For the city of TGZ, the materials with the highest thermal sensitivity were BAS and asphalt roads. The change of tree cover into asphalt road, bare soil or BAS cover caused LST increased 1 °C to 3 °C. When asphalt or BAS cover classes turned into the tree class, LST decreased from 0.1 °C to 1 °C, suggesting that the cooling effect of trees is not immediately reached after reforestation. The vegetation effect in LST is appraised if woodlands are greater than 3 ha indicating a limitation of the analysis caused by the spatial resolution of the imagery used.
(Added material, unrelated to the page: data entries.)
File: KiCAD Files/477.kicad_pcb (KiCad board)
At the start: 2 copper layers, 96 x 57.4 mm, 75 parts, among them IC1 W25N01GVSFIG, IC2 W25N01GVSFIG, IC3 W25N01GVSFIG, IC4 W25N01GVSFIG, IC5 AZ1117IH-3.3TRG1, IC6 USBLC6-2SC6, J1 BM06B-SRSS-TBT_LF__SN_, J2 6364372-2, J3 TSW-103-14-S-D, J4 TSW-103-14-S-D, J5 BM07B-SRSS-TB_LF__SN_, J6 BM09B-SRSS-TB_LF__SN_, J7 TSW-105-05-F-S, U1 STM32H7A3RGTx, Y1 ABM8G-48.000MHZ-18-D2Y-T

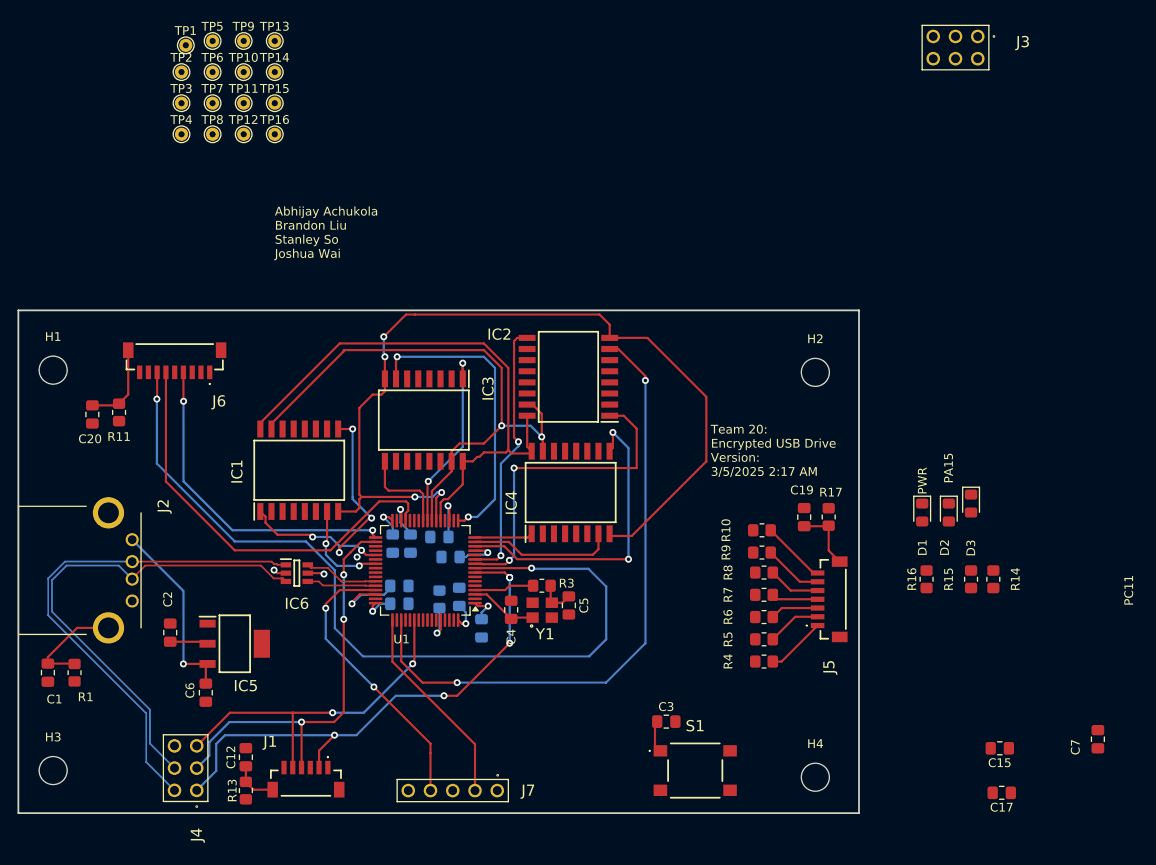
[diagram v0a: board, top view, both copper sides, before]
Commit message: added pcb routing for debug pins
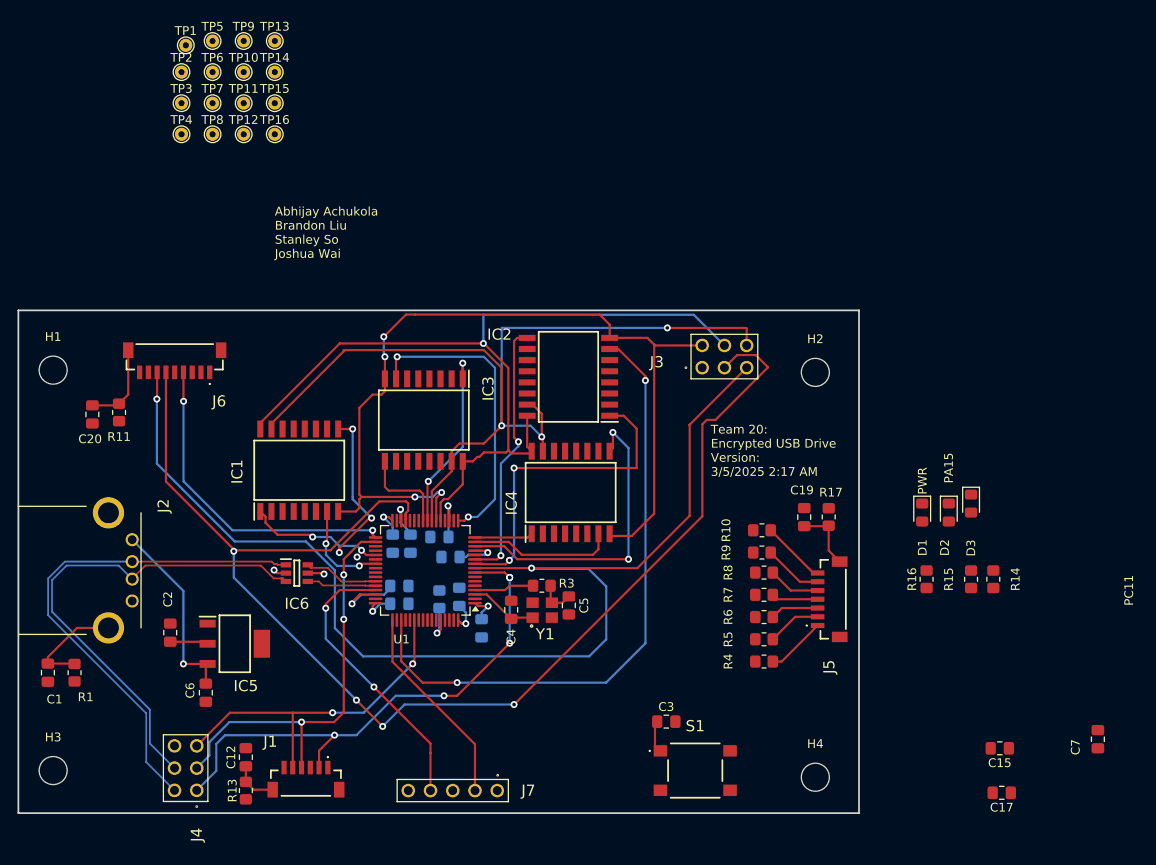
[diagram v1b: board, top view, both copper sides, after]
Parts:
- moved J3 49.2 mm to (219.0, 83.5), turned to 0 degrees
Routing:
- net PB10/LCD SCK: track 47.9 -> 148.2 mm, vias 0 -> 4
- net PA7/MOSI: track 65.5 -> 106.6 mm, vias 2 -> 3
- net PC1/LCD MOSI: track 97.5 -> 137.7 mm
- net PA5/SCK: track 64.2 -> 96.5 mm, vias 0 -> 1
- net PA6/MISO: track 101.7 -> 102.3 mm

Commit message: routed resistors, caps, leds
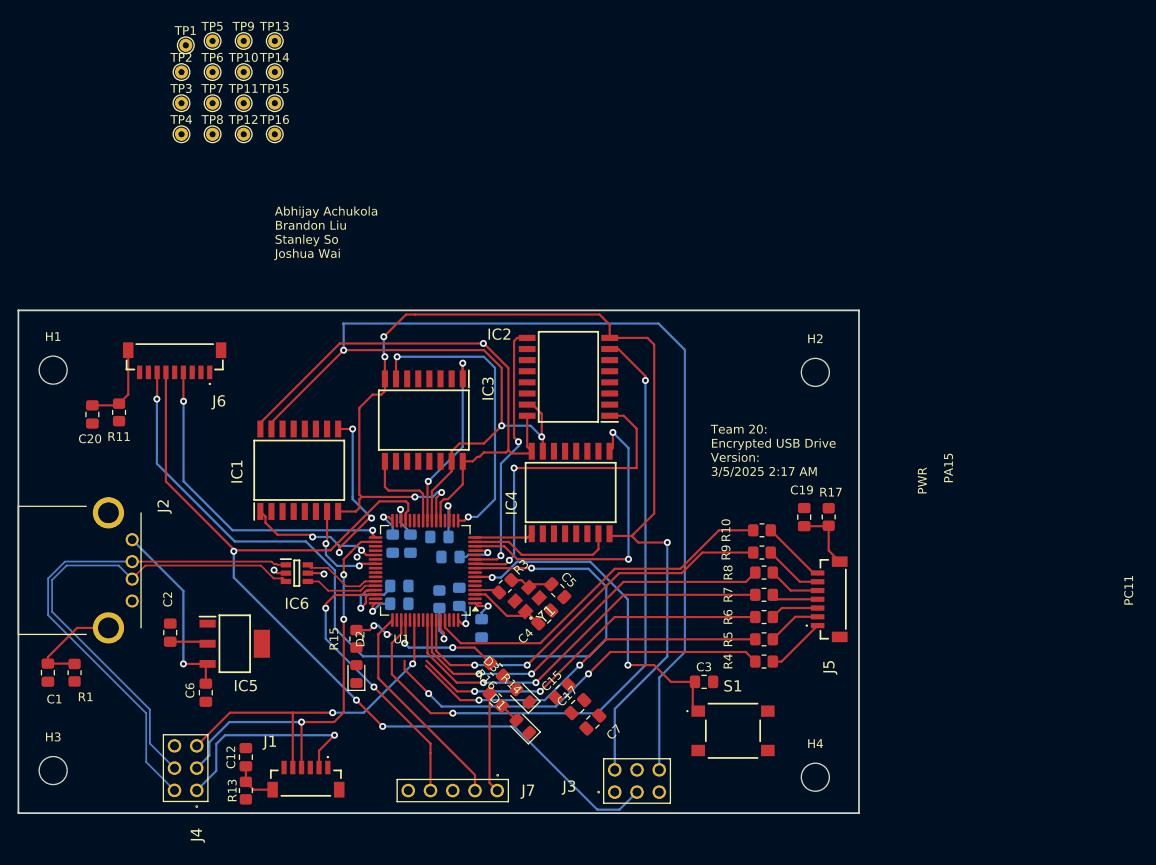
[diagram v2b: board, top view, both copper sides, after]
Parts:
- moved R15 70.5 mm to (179.5, 114.5)
- moved D2 70.1 mm to (179.5, 118.5), turned to 90 degrees
- moved R14 58.5 mm to (195.4, 121.4), turned to 135 degrees
- moved C7 57.7 mm to (206.5, 124.0), turned to 45 degrees
- moved D3 55.7 mm to (198.5, 121.0), turned to 135 degrees
- moved D1 51.7 mm to (198.5, 124.5), turned to 135 degrees
- moved C15 50.4 mm to (203.0, 120.5), turned to 45 degrees
- moved R16 50.2 mm to (195.5, 118.0), turned to 135 degrees
- moved J3 49.5 mm to (209.0, 132.0)
- moved C17 49.4 mm to (204.8, 122.2), turned to 45 degrees
- moved C3 6.26 mm to (219.2, 119.4)
- moved S1 6.26 mm to (222.5, 125.0)
- moved R3 4.18 mm to (196.5, 108.5), turned to -135 degrees
- moved C4 3.91 mm to (201.0, 112.0), turned to 45 degrees
- moved Y1 2.11 mm to (199.0, 110.0), turned to 45 degrees
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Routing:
- net PA7/MOSI: track 106.6 -> 158.0 mm
- net PB5/KeyR4: track 0.00 -> 46.8 mm, vias 0 -> 2
- net PB6/KeyC1: track 0.00 -> 46.4 mm, vias 0 -> 2
- net PB0/KeyR1: track 0.00 -> 45.8 mm, vias 0 -> 2
- net PB7/KeyC2: track 0.00 -> 45.7 mm, vias 0 -> 2
- net PB2/KeyR3: track 0.00 -> 42.5 mm, vias 0 -> 2
- net PB8/KeyC3: track 0.00 -> 42.1 mm
- net PB1/KeyR2: track 0.00 -> 42.1 mm, vias 0 -> 2
- net PC1/LCD MOSI: track 137.7 -> 97.5 mm
- net PB10/LCD SCK: track 148.2 -> 108.7 mm, vias 4 -> 3
- net PC0/Touch Out: track 60.6 -> 24.6 mm, vias 5 -> 1
- net nRST: track 2.97 -> 38.9 mm, vias 0 -> 2
- net PA5/SCK: track 96.5 -> 64.2 mm
- net PA6/MISO: track 102.3 -> 129.6 mm, vias 4 -> 5
- net PC11/Debug: track 0.00 -> 13.4 mm, vias 0 -> 2

The ECM for the thermal assessment captured the surface heterogenicity of the TGZ city avoiding underestimations induced for NDVI methodologies. Nevertheless, the in-situ measures of emissivity values and night temperature assessment will improve results and are desirable for further investigations.

The approach implemented in this study to carry out the analysis could be used to evaluate the surface thermal dynamic of cities when monitoring weather networks are not available or are not wide enough to cover the study area properly.